* **Task to complete**:
Nothing but the lines from the one containing "diameter of A2" through the end of the data below may appear in the response, each one exact.
··· Exercise materials ···
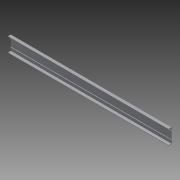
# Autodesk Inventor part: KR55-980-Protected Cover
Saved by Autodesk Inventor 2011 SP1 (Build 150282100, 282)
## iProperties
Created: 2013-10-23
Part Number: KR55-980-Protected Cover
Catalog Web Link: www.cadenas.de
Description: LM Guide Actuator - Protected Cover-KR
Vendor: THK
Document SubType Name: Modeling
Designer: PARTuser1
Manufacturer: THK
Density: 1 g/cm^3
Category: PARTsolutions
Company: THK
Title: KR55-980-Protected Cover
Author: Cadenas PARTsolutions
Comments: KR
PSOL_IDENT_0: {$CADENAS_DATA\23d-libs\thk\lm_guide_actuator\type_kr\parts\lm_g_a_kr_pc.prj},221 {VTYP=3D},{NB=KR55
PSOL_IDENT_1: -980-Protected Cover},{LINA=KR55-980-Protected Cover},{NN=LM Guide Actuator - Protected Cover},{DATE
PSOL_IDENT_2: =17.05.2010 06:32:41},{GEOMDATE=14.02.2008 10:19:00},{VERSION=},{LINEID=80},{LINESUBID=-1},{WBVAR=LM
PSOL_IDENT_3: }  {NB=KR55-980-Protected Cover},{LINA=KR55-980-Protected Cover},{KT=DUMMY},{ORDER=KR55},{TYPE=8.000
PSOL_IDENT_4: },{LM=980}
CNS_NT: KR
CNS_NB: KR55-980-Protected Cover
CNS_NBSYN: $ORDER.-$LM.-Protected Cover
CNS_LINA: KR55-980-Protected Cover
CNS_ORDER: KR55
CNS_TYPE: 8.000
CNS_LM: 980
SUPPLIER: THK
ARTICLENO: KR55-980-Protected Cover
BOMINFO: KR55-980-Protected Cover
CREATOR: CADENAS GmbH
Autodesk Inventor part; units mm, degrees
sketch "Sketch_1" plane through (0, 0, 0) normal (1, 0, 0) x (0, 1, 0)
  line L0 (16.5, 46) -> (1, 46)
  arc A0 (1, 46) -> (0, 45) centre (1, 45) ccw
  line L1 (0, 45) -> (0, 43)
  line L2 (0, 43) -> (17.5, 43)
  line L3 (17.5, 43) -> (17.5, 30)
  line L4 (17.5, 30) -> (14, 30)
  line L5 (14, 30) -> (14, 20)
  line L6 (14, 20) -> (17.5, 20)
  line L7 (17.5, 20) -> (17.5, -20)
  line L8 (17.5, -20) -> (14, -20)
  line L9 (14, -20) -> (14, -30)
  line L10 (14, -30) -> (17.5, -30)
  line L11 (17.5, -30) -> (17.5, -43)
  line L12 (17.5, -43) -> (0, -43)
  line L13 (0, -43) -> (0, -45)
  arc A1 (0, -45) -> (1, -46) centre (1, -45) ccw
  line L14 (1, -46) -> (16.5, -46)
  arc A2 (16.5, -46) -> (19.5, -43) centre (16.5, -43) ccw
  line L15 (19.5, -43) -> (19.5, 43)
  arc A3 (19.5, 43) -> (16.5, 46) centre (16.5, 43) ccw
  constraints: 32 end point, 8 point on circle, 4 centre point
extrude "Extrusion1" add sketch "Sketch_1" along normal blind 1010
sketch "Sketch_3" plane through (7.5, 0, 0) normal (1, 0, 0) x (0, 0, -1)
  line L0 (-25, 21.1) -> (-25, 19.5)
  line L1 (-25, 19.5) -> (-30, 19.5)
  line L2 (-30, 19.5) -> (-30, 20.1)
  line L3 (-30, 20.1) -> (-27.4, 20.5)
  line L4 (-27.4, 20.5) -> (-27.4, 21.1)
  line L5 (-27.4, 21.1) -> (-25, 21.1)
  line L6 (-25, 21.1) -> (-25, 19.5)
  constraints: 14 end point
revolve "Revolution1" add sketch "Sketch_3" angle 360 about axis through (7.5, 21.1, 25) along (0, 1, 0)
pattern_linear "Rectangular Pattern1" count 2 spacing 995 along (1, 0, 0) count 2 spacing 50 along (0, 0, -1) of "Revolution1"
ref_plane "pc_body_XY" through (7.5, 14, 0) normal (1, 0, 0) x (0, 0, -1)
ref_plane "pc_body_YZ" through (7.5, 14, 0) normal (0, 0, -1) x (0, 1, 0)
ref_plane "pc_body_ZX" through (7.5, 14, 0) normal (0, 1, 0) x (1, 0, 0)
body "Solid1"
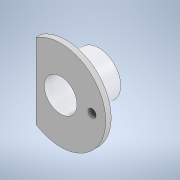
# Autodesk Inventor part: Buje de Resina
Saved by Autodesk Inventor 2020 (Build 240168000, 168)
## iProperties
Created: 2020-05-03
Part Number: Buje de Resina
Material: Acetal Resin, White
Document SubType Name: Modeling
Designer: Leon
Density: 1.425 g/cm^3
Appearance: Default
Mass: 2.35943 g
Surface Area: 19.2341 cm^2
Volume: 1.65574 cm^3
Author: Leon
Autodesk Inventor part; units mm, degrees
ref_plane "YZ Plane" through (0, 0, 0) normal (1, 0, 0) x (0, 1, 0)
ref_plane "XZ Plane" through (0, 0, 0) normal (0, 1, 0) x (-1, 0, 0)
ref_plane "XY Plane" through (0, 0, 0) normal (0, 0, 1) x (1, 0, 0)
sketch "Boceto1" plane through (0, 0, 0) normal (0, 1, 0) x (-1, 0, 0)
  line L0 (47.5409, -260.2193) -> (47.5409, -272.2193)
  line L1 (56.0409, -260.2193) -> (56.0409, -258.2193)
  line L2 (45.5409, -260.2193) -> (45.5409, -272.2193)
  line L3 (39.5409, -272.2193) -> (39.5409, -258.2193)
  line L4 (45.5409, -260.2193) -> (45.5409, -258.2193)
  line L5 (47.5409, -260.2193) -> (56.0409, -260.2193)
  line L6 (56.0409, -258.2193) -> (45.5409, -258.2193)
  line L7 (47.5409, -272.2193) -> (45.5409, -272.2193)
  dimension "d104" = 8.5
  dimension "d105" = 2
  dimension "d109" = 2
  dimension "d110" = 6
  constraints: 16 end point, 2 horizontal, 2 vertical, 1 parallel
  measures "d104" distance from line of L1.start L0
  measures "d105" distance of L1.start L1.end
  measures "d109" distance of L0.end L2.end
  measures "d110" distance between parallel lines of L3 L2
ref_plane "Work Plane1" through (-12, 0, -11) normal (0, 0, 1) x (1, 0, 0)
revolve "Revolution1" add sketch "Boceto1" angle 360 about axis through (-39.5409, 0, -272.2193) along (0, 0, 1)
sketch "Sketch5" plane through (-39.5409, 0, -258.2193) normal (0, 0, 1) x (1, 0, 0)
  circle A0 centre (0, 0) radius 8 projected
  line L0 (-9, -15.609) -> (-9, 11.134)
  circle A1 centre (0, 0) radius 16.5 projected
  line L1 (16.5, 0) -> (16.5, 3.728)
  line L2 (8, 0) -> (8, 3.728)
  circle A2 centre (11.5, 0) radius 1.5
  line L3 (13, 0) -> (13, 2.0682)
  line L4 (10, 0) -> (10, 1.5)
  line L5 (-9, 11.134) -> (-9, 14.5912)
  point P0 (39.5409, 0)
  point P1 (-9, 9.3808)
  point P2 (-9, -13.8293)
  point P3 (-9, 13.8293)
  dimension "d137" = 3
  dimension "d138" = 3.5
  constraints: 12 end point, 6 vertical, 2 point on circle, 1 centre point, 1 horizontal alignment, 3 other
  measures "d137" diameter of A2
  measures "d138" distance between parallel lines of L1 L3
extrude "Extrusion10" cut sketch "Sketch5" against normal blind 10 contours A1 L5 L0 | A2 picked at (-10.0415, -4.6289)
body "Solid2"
···
* **Response to this task**:
  measures "d137" diameter of A2
  measures "d138" distance between parallel lines of L1 L3
extrude "Extrusion10" cut sketch "Sketch5" against normal blind 10 contours A1 L5 L0 | A2 picked at (-10.0415, -4.6289)
body "Solid2"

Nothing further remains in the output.